US Consumer Spending Jumps in July as Services Drive Inflation Higher
Americans spent more in July, boosting services but pushing inflation higher and complicating Fed policy moves.

American households opened their wallets in July, pushing spending higher and nudging inflation up with it. The latest government data shows that demand for services from summer travel to healthcare is keeping the US economy humming even as borrowing costs rise.
Spending Surge
The Commerce Department reported on Friday that personal consumption expenditures (PCE), the broadest measure of household outlays, rose 0.8% in July. That was the strongest monthly gain in several months and followed a 0.6% rise in June.
Services led the charge.
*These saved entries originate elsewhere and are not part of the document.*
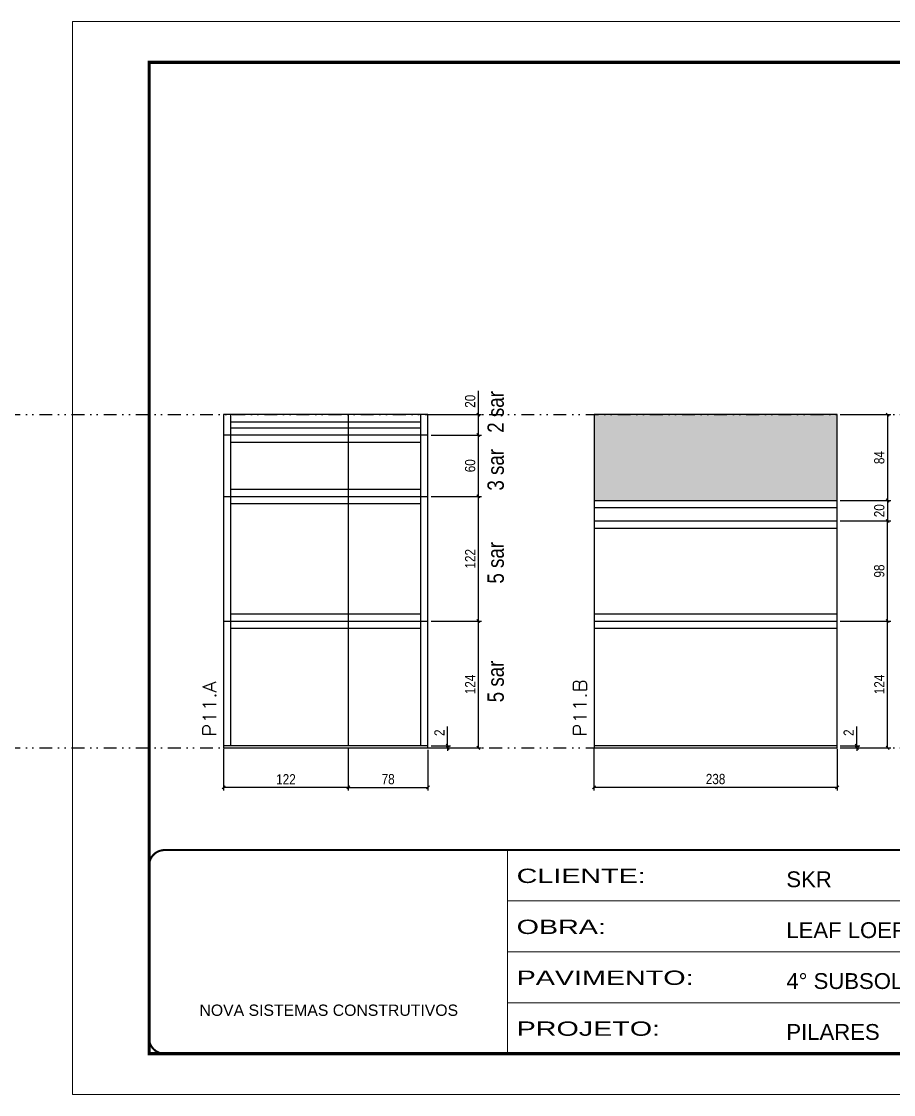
# Model space of a CAD drawing. Header units: millimetres. Extents: x 13777 to 27878, y -21631 to 6985.
# Drawn here: x 17533 to 18387, y -7848 to -6798 of the extents above; entities that cross this region are included whole.
import ezdxf

# ---------------------------------------------------------------- set-up
doc = ezdxf.new("R2010")
doc.units = ezdxf.units.MM
for name, pattern in [('CONTINUO', [0]), ('DASHED', [0.75, 0.5, -0.25]), ('DIVIDE2', [0.625, 0.25, -0.125, 0, -0.125, 0, -0.125])]:
    doc.linetypes.add(name, pattern=pattern)
for name, color, linetype in [('COTA', 241, 'Continuous'), ('NOMENCLATURA', 7, 'Continuous'), ('Nível', 160, 'Continuous'), ('Painéis', 200, 'Continuous'), ('SARR_2.2x7', 40, 'Continuous')]:
    doc.layers.add(name, color=color, linetype=linetype)
for name, color, linetype, lineweight in [('Folhas', 255, 'Continuous', 9), ('SARRAFO DE PRESSAO', 251, 'DASHED', 9), ('Texto Seção', 7, 'Continuous', 15)]:
    doc.layers.add(name, color=color, linetype=linetype, lineweight=lineweight)
doc.styles.add('ARIAL', font='arial.ttf')
doc.styles.add('ARIAL_NARROW', font='ARIALN.TTF', dxfattribs={"height": 0.2})
doc.styles.add('COTA TECNICA', font='techl___.ttf', dxfattribs={"height": 10})
doc.styles.add('COTA TECNICA-50', font='techl___.ttf', dxfattribs={"height": 10})
doc.styles.add('REGUA-120', font='ROMANS.shx', dxfattribs={"height": 15})
doc.styles.add('Tecnologia', font='')
doc.styles.get('Tecnologia').set_extended_font_data('Forgotten Futurist')
doc.dimstyles.new('COTA PAINEL-50', dxfattribs={"dimtxt": 10, "dimasz": 3, "dimexe": 3, "dimexo": 3, "dimgap": 3, "dimtad": 1, "dimdec": 1, "dimzin": 12, "dimdsep": 46, "dimtxsty": 'COTA TECNICA-50', "dimblk1": 'OBLIQUE', "dimblk2": 'OBLIQUE', "dimsah": 1, "dimcen": 0.9, "dimclrd": 4, "dimclre": 4, "dimclrt": 240, "dimadec": 1, "dimazin": 3, "dimtfac": 1, "dimtdec": 1, "dimtmove": 0, "dimatfit": 3, "dimfxl": 1, "dimtolj": 1, "dimtzin": 12, "dimarcsym": 0})
doc.dimstyles.new('PAINEL', dxfattribs={"dimtxt": 10, "dimasz": 3, "dimexe": 3, "dimexo": 3, "dimgap": 3, "dimtad": 1, "dimdec": 1, "dimzin": 12, "dimdsep": 46, "dimtxsty": 'COTA TECNICA', "dimblk1": 'OBLIQUE', "dimblk2": 'OBLIQUE', "dimsah": 1, "dimcen": 0.9, "dimclrd": 4, "dimclre": 4, "dimclrt": 240, "dimadec": 1, "dimazin": 3, "dimtfac": 1, "dimtdec": 1, "dimtmove": 0, "dimatfit": 3, "dimfxl": 1, "dimtolj": 1, "dimtzin": 12, "dimarcsym": 0})

# ---------------------------------------------------------------- blocks, each defined once
blk = doc.blocks.new('9999999999')
at = {"color": 30, "linetype": 'CONTINUO'}
for p, q in [((98564.6, 34230.2), (98564.6, 34429.4)), ((98564.6, 34379.6), (99584, 34379.6)), ((98564.6, 34329.8), (99488, 34329.8)), ((99584, 34329.8), (99488, 34329.8)), ((99488, 34329.8), (99488, 34230.2)), ((98564.6, 34280), (99488, 34280))]:
    blk.add_line(p, q, dxfattribs=at)
at = {"color": 30, "linetype": 'CONTINUO', "const_width": 2}
blk.add_lwpolyline([(99584, 34230.2), (99584, 34414.4, 0.414214), (99569, 34429.4), (98229, 34429.4, 0.414214), (98214, 34414.4), (98214, 34245.2, 0.414214), (98229, 34230.2), (99584, 34230.2)], format="xyb", dxfattribs=at)
at = {"layer": 'Folhas'}
blk.add_lwpolyline([(98139, 34190.2), (99624, 34190.2), (99624, 35240.2), (98139, 35240.2)], close=True, dxfattribs=at)
at = {"layer": 'Folhas', "color": 30, "const_width": 3}
blk.add_lwpolyline([(98214, 34230.2), (99584, 34230.2), (99584, 35200.2), (98214, 35200.2)], close=True, dxfattribs=at)
at = {"color": 7, "linetype": 'Continuous', "ltscale": 5, "style": 'ARIAL'}
for s, height, p in [('SKR', 15.48, (98837.7, 34393.1)), ('LEAF LOEFGREN', 15.483, (98837.7, 34343.3)), ('4° SUBSOLO', 15.48, (98837.7, 34293.5)), ('NOVA SISTEMAS CONSTRUTIVOS', 11.059, (98263.2, 34267.2)), ('PILARES', 15.48, (98837.7, 34243.7))]:
    blk.add_text(s, height=height, dxfattribs=at).set_placement(p)
at = {"layer": 'Folhas', "color": 7, "style": 'Tecnologia', "width": 1.5}
for s, p in [('CLIENTE:', (98573.7, 34397.2)), ('OBRA:', (98573.7, 34347.3)), ('PAVIMENTO:', (98573.7, 34297.5)), ('PROJETO:', (98573.7, 34247.7))]:
    blk.add_text(s, height=14, dxfattribs=at).set_placement(p)
blk = doc.blocks.new('_Oblique')
at = {"color": 0, "linetype": 'ByBlock', "lineweight": -2}
blk.add_line((-0.5, -0.5), (0.5, 0.5), dxfattribs=at)
blk = doc.blocks.new('*D3254')
at = {"layer": 'COTA', "color": 4, "lineweight": -2, "transparency": 16777216}
for p, q in [((17731.4, -7509.9), (17731.4, -7550.7)), ((17853.4, -7509.9), (17853.4, -7550.7)), ((17853.4, -7547.7), (17731.4, -7547.7))]:
    blk.add_line(p, q, dxfattribs=at)
at = {"layer": 'Defpoints', "color": 0, "transparency": 16777216}
for p in [(17731.4, -7506.9), (17853.4, -7506.9), (17731.4, -7547.7)]:
    blk.add_point(p, dxfattribs=at)
at = {"layer": 'COTA', "color": 4, "lineweight": -2, "transparency": 16777216, "xscale": 3, "yscale": 3, "zscale": 3, "rotation": 180}
blk.add_blockref('_Oblique', (17731.4, -7547.7), dxfattribs=at)
at = {"layer": 'COTA', "color": 4, "lineweight": -2, "transparency": 16777216, "xscale": 3, "yscale": 3, "zscale": 3}
blk.add_blockref('_Oblique', (17853.4, -7547.7), dxfattribs=at)
at = {"layer": 'COTA', "color": 240, "transparency": 16777216, "insert": (17792.4, -7539.7), "char_height": 10, "attachment_point": 5, "style": 'COTA TECNICA'}
blk.add_mtext('\\A1;122', dxfattribs=at)
blk = doc.blocks.new('*D3255')
at = {"layer": 'COTA', "color": 4, "lineweight": -2, "transparency": 16777216}
for p, q in [((17950.6, -7506.9), (17950.6, -7488.1)), ((17934.4, -7506.9), (17953.6, -7506.9)), ((17950.6, -7508.9), (17950.6, -7506.9)), ((17934.4, -7508.9), (17953.6, -7508.9)), ((17950.6, -7508.9), (17950.6, -7511.9))]:
    blk.add_line(p, q, dxfattribs=at)
at = {"layer": 'Defpoints', "color": 0, "transparency": 16777216}
for p in [(17931.4, -7506.9), (17931.4, -7508.9), (17950.6, -7508.9)]:
    blk.add_point(p, dxfattribs=at)
at = {"layer": 'COTA', "color": 4, "lineweight": -2, "transparency": 16777216, "xscale": 3, "yscale": 3, "zscale": 3}
for p, rotation in [((17950.6, -7506.9), 270), ((17950.6, -7508.9), 90)]:
    blk.add_blockref('_Oblique', p, dxfattribs=dict(at, rotation=rotation))
at = {"layer": 'COTA', "color": 240, "transparency": 16777216, "insert": (17942.6, -7494.1), "char_height": 10, "attachment_point": 5, "rotation": 90, "style": 'COTA TECNICA-50'}
blk.add_mtext('\\A1;2', dxfattribs=at)
blk = doc.blocks.new('*D3256')
at = {"layer": 'COTA', "color": 4, "lineweight": -2, "transparency": 16777216}
for p, q in [((17934.4, -7262.9), (17983.8, -7262.9)), ((17980.8, -7384.9), (17980.8, -7262.9)), ((17934.4, -7384.9), (17983.8, -7384.9))]:
    blk.add_line(p, q, dxfattribs=at)
at = {"layer": 'Defpoints', "color": 0, "transparency": 16777216}
for p in [(17931.4, -7262.9), (17980.8, -7262.9), (17931.4, -7384.9)]:
    blk.add_point(p, dxfattribs=at)
at = {"layer": 'COTA', "color": 4, "lineweight": -2, "transparency": 16777216, "xscale": 3, "yscale": 3, "zscale": 3}
for p, rotation in [((17980.8, -7262.9), 90), ((17980.8, -7384.9), 270)]:
    blk.add_blockref('_Oblique', p, dxfattribs=dict(at, rotation=rotation))
at = {"layer": 'COTA', "color": 240, "transparency": 16777216, "insert": (17972.7, -7323.9), "char_height": 10, "attachment_point": 5, "rotation": 90, "style": 'COTA TECNICA-50'}
blk.add_mtext('\\A1;122', dxfattribs=at)
blk = doc.blocks.new('*D3278')
at = {"layer": 'COTA', "color": 4, "linetype": 'ByBlock', "lineweight": -2, "transparency": 16777216}
for p, q in [((17934.4, -7384.9), (17983.8, -7384.9)), ((17980.8, -7508.9), (17980.8, -7384.9)), ((17934.4, -7508.9), (17983.8, -7508.9))]:
    blk.add_line(p, q, dxfattribs=at)
at = {"layer": 'Defpoints', "color": 0, "linetype": 'ByBlock', "transparency": 16777216}
for p in [(17931.4, -7384.9), (17980.8, -7384.9), (17931.4, -7508.9)]:
    blk.add_point(p, dxfattribs=at)
at = {"layer": 'COTA', "color": 4, "linetype": 'ByBlock', "lineweight": -2, "transparency": 16777216, "xscale": 3, "yscale": 3, "zscale": 3}
for p, rotation in [((17980.8, -7384.9), 90), ((17980.8, -7508.9), 270)]:
    blk.add_blockref('_Oblique', p, dxfattribs=dict(at, rotation=rotation))
at = {"layer": 'COTA', "color": 240, "linetype": 'ByBlock', "transparency": 16777216, "insert": (17972.7, -7446.9), "char_height": 10, "attachment_point": 5, "rotation": 90, "style": 'COTA TECNICA'}
blk.add_mtext('\\A1;124', dxfattribs=at)
blk = doc.blocks.new('*D3279')
at = {"layer": 'COTA', "color": 4, "linetype": 'ByBlock', "lineweight": -2, "transparency": 16777216}
for p, q in [((17934.4, -7384.9), (17983.8, -7384.9)), ((17980.8, -7508.9), (17980.8, -7384.9)), ((17934.4, -7508.9), (17983.8, -7508.9))]:
    blk.add_line(p, q, dxfattribs=at)
at = {"layer": 'Defpoints', "color": 0, "linetype": 'ByBlock', "transparency": 16777216}
for p in [(17931.4, -7384.9), (17980.8, -7384.9), (17931.4, -7508.9)]:
    blk.add_point(p, dxfattribs=at)
at = {"layer": 'COTA', "color": 4, "linetype": 'ByBlock', "lineweight": -2, "transparency": 16777216, "xscale": 3, "yscale": 3, "zscale": 3}
for p, rotation in [((17980.8, -7384.9), 90), ((17980.8, -7508.9), 270)]:
    blk.add_blockref('_Oblique', p, dxfattribs=dict(at, rotation=rotation))
at = {"layer": 'COTA', "color": 240, "linetype": 'ByBlock', "transparency": 16777216, "insert": (17972.7, -7446.9), "char_height": 10, "attachment_point": 5, "rotation": 90, "style": 'COTA TECNICA'}
blk.add_mtext('\\A1;124', dxfattribs=at)
blk = doc.blocks.new('*D3280')
at = {"layer": 'COTA', "color": 4, "lineweight": -2, "transparency": 16777216}
for p, q in [((17934.4, -7202.9), (17983.8, -7202.9)), ((17980.8, -7262.9), (17980.8, -7202.9)), ((17934.4, -7262.9), (17983.8, -7262.9))]:
    blk.add_line(p, q, dxfattribs=at)
at = {"layer": 'Defpoints', "color": 0, "transparency": 16777216}
for p in [(17931.4, -7202.9), (17980.8, -7202.9), (17931.4, -7262.9)]:
    blk.add_point(p, dxfattribs=at)
at = {"layer": 'COTA', "color": 4, "lineweight": -2, "transparency": 16777216, "xscale": 3, "yscale": 3, "zscale": 3}
for p, rotation in [((17980.8, -7202.9), 90), ((17980.8, -7262.9), 270)]:
    blk.add_blockref('_Oblique', p, dxfattribs=dict(at, rotation=rotation))
at = {"layer": 'COTA', "color": 240, "transparency": 16777216, "insert": (17972.7, -7232.9), "char_height": 10, "attachment_point": 5, "rotation": 90, "style": 'COTA TECNICA'}
blk.add_mtext('\\A1;60', dxfattribs=at)
blk = doc.blocks.new('*D3251')
at = {"layer": 'COTA', "color": 4, "lineweight": -2, "transparency": 16777216}
for p, q in [((18093.9, -7509.9), (18093.9, -7550.7)), ((18331.9, -7509.9), (18331.9, -7550.7)), ((18331.9, -7547.7), (18093.9, -7547.7))]:
    blk.add_line(p, q, dxfattribs=at)
at = {"layer": 'Defpoints', "color": 0, "transparency": 16777216}
for p in [(18093.9, -7506.9), (18331.9, -7506.9), (18093.9, -7547.7)]:
    blk.add_point(p, dxfattribs=at)
at = {"layer": 'COTA', "color": 4, "lineweight": -2, "transparency": 16777216, "xscale": 3, "yscale": 3, "zscale": 3, "rotation": 180}
blk.add_blockref('_Oblique', (18093.9, -7547.7), dxfattribs=at)
at = {"layer": 'COTA', "color": 4, "lineweight": -2, "transparency": 16777216, "xscale": 3, "yscale": 3, "zscale": 3}
blk.add_blockref('_Oblique', (18331.9, -7547.7), dxfattribs=at)
at = {"layer": 'COTA', "color": 240, "transparency": 16777216, "insert": (18212.9, -7539.5), "char_height": 10, "attachment_point": 5, "style": 'COTA TECNICA'}
blk.add_mtext('\\A1;238', dxfattribs=at)
blk = doc.blocks.new('*D3252')
at = {"layer": 'COTA', "color": 4, "lineweight": -2, "transparency": 16777216}
for p, q in [((18351.2, -7506.9), (18351.2, -7488.1)), ((18334.9, -7506.9), (18354.2, -7506.9)), ((18351.2, -7508.9), (18351.2, -7506.9)), ((18334.9, -7508.9), (18354.2, -7508.9)), ((18351.2, -7508.9), (18351.2, -7511.9))]:
    blk.add_line(p, q, dxfattribs=at)
at = {"layer": 'Defpoints', "color": 0, "transparency": 16777216}
for p in [(18331.9, -7506.9), (18331.9, -7508.9), (18351.2, -7508.9)]:
    blk.add_point(p, dxfattribs=at)
at = {"layer": 'COTA', "color": 4, "lineweight": -2, "transparency": 16777216, "xscale": 3, "yscale": 3, "zscale": 3}
for p, rotation in [((18351.2, -7506.9), 270), ((18351.2, -7508.9), 90)]:
    blk.add_blockref('_Oblique', p, dxfattribs=dict(at, rotation=rotation))
at = {"layer": 'COTA', "color": 240, "transparency": 16777216, "insert": (18343.2, -7494.1), "char_height": 10, "attachment_point": 5, "rotation": 90, "style": 'COTA TECNICA-50'}
blk.add_mtext('\\A1;2', dxfattribs=at)
blk = doc.blocks.new('*D3253')
at = {"layer": 'COTA', "color": 4, "lineweight": -2, "transparency": 16777216}
for p, q in [((18334.9, -7286.9), (18384.3, -7286.9)), ((18381.3, -7384.9), (18381.3, -7286.9)), ((18334.9, -7384.9), (18384.3, -7384.9))]:
    blk.add_line(p, q, dxfattribs=at)
at = {"layer": 'Defpoints', "color": 0, "transparency": 16777216}
for p in [(18331.9, -7286.9), (18381.3, -7286.9), (18331.9, -7384.9)]:
    blk.add_point(p, dxfattribs=at)
at = {"layer": 'COTA', "color": 4, "lineweight": -2, "transparency": 16777216, "xscale": 3, "yscale": 3, "zscale": 3}
for p, rotation in [((18381.3, -7286.9), 90), ((18381.3, -7384.9), 270)]:
    blk.add_blockref('_Oblique', p, dxfattribs=dict(at, rotation=rotation))
at = {"layer": 'COTA', "color": 240, "transparency": 16777216, "insert": (18373.2, -7335.9), "char_height": 10, "attachment_point": 5, "rotation": 90, "style": 'COTA TECNICA-50'}
blk.add_mtext('\\A1;98', dxfattribs=at)
blk = doc.blocks.new('*D3276')
at = {"layer": 'COTA', "color": 4, "linetype": 'ByBlock', "lineweight": -2, "transparency": 16777216}
for p, q in [((18334.9, -7384.9), (18384.3, -7384.9)), ((18381.3, -7508.9), (18381.3, -7384.9)), ((18334.9, -7508.9), (18384.3, -7508.9))]:
    blk.add_line(p, q, dxfattribs=at)
at = {"layer": 'Defpoints', "color": 0, "linetype": 'ByBlock', "transparency": 16777216}
for p in [(18331.9, -7384.9), (18381.3, -7384.9), (18331.9, -7508.9)]:
    blk.add_point(p, dxfattribs=at)
at = {"layer": 'COTA', "color": 4, "linetype": 'ByBlock', "lineweight": -2, "transparency": 16777216, "xscale": 3, "yscale": 3, "zscale": 3}
for p, rotation in [((18381.3, -7384.9), 90), ((18381.3, -7508.9), 270)]:
    blk.add_blockref('_Oblique', p, dxfattribs=dict(at, rotation=rotation))
at = {"layer": 'COTA', "color": 240, "linetype": 'ByBlock', "transparency": 16777216, "insert": (18373.2, -7446.9), "char_height": 10, "attachment_point": 5, "rotation": 90, "style": 'COTA TECNICA'}
blk.add_mtext('\\A1;124', dxfattribs=at)
blk = doc.blocks.new('*D3277')
at = {"layer": 'COTA', "color": 4, "linetype": 'ByBlock', "lineweight": -2, "transparency": 16777216}
for p, q in [((18334.9, -7384.9), (18384.3, -7384.9)), ((18381.3, -7508.9), (18381.3, -7384.9)), ((18334.9, -7508.9), (18384.3, -7508.9))]:
    blk.add_line(p, q, dxfattribs=at)
at = {"layer": 'Defpoints', "color": 0, "linetype": 'ByBlock', "transparency": 16777216}
for p in [(18331.9, -7384.9), (18381.3, -7384.9), (18331.9, -7508.9)]:
    blk.add_point(p, dxfattribs=at)
at = {"layer": 'COTA', "color": 4, "linetype": 'ByBlock', "lineweight": -2, "transparency": 16777216, "xscale": 3, "yscale": 3, "zscale": 3}
for p, rotation in [((18381.3, -7384.9), 90), ((18381.3, -7508.9), 270)]:
    blk.add_blockref('_Oblique', p, dxfattribs=dict(at, rotation=rotation))
at = {"layer": 'COTA', "color": 240, "linetype": 'ByBlock', "transparency": 16777216, "insert": (18373.2, -7446.9), "char_height": 10, "attachment_point": 5, "rotation": 90, "style": 'COTA TECNICA'}
blk.add_mtext('\\A1;124', dxfattribs=at)
blk = doc.blocks.new('*D3299')
at = {"layer": 'COTA', "color": 4, "lineweight": -2, "transparency": 16777216}
for p, q in [((17980.8, -7182.9), (17980.8, -7159.7)), ((17934.4, -7182.9), (17983.8, -7182.9)), ((17980.8, -7202.9), (17980.8, -7182.9)), ((17934.4, -7202.9), (17983.8, -7202.9))]:
    blk.add_line(p, q, dxfattribs=at)
at = {"layer": 'Defpoints', "color": 0, "transparency": 16777216}
for p in [(17931.4, -7182.9), (17980.8, -7182.9), (17931.4, -7202.9)]:
    blk.add_point(p, dxfattribs=at)
at = {"layer": 'COTA', "color": 4, "lineweight": -2, "transparency": 16777216, "xscale": 3, "yscale": 3, "zscale": 3}
for p, rotation in [((17980.8, -7182.9), 90), ((17980.8, -7202.9), 270)]:
    blk.add_blockref('_Oblique', p, dxfattribs=dict(at, rotation=rotation))
at = {"layer": 'COTA', "color": 240, "transparency": 16777216, "insert": (17972.7, -7169.8), "char_height": 10, "attachment_point": 5, "rotation": 90, "style": 'COTA TECNICA'}
blk.add_mtext('\\A1;20', dxfattribs=at)
blk = doc.blocks.new('*D3300')
at = {"layer": 'COTA', "color": 4, "lineweight": -2, "transparency": 16777216}
for p, q in [((17853.4, -7509.9), (17853.4, -7550.7)), ((17931.4, -7510.9), (17931.4, -7550.7)), ((17853.4, -7547.7), (17931.4, -7547.7))]:
    blk.add_line(p, q, dxfattribs=at)
at = {"layer": 'Defpoints', "color": 0, "transparency": 16777216}
for p in [(17853.4, -7506.9), (17931.4, -7507.9), (17931.4, -7547.7)]:
    blk.add_point(p, dxfattribs=at)
at = {"layer": 'COTA', "color": 4, "lineweight": -2, "transparency": 16777216, "xscale": 3, "yscale": 3, "zscale": 3, "rotation": 180}
blk.add_blockref('_Oblique', (17853.4, -7547.7), dxfattribs=at)
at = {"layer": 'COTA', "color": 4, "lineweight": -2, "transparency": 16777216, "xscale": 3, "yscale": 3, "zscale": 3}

Families spent more on housing, healthcare, dining and vacations, while goods purchases lagged. Sales of cars and household appliances were notably softer, evidence that higher interest rates are making big-ticket items harder to afford.
Inflation also crept up. The PCE price index rose 0.2% from June and 2.6% from a year earlier. Excluding food and energy, core inflation also increased 0.2% on the month and 2.8% annually. Both measures remain above the Federal Reserve's 2% target.
Meanwhile, personal income climbed 0.5%, giving households some cushion. But the savings rate slipped to 3.4%, showing that families are relying more heavily on reserves to keep up their spending pace.
What's Behind the Strength
Economists say the picture reflects a mix of factors: a solid job market, steady wage gains and seasonal summer activity that traditionally boosts travel and leisure. Healthcare costs also added to July's numbers.
'Consumers continue to fuel growth, but the reliance on savings and credit is unsustainable,' said Diane Swonk, chief economist at KPMG, in remarks to Reuters. 'The Fed must tread carefully as demand remains strong while inflation pressures are far from over.'
The consumer sector has long been the backbone of the U.S. economy, making up nearly 70% of GDP. July's data reinforced that, showing households are still carrying much of the weight for overall growth.
Implications for the Fed
The report lands just weeks before the Fed's September policy meeting and complicates its choices. Core inflation's persistence above 2% limits the central bank's room to cut rates, even as Powell and other officials have signalled they are prepared to respond to softer data.
Investors had been leaning toward the possibility of a rate cut later in the year. But July's firm spending and sticky service-sector prices have injected new doubt.
Markets responded in real time: Treasury yields climbed, stocks eased lower, and the dollar strengthened as traders priced in the likelihood that rates will stay higher for longer.
The Bigger Picture
The US economy has shown surprising resilience throughout 2025. Despite tighter credit and high borrowing costs, consumers have kept activity moving. But the foundation is not without cracks. Household debt is rising, and delinquencies on credit cards and auto loans are creeping up.
Economists warn that momentum built on depleted savings and heavier reliance on credit cannot last indefinitely. Risks from outside U.S. borders such as volatile energy markets and renewed supply chain bottlenecks could add further pressure to inflation.
For now, though, July's figures show American consumers are still powering the world's largest economy. The challenge for policymakers is ensuring that strength doesn't reignite the very price pressures they are trying to tame.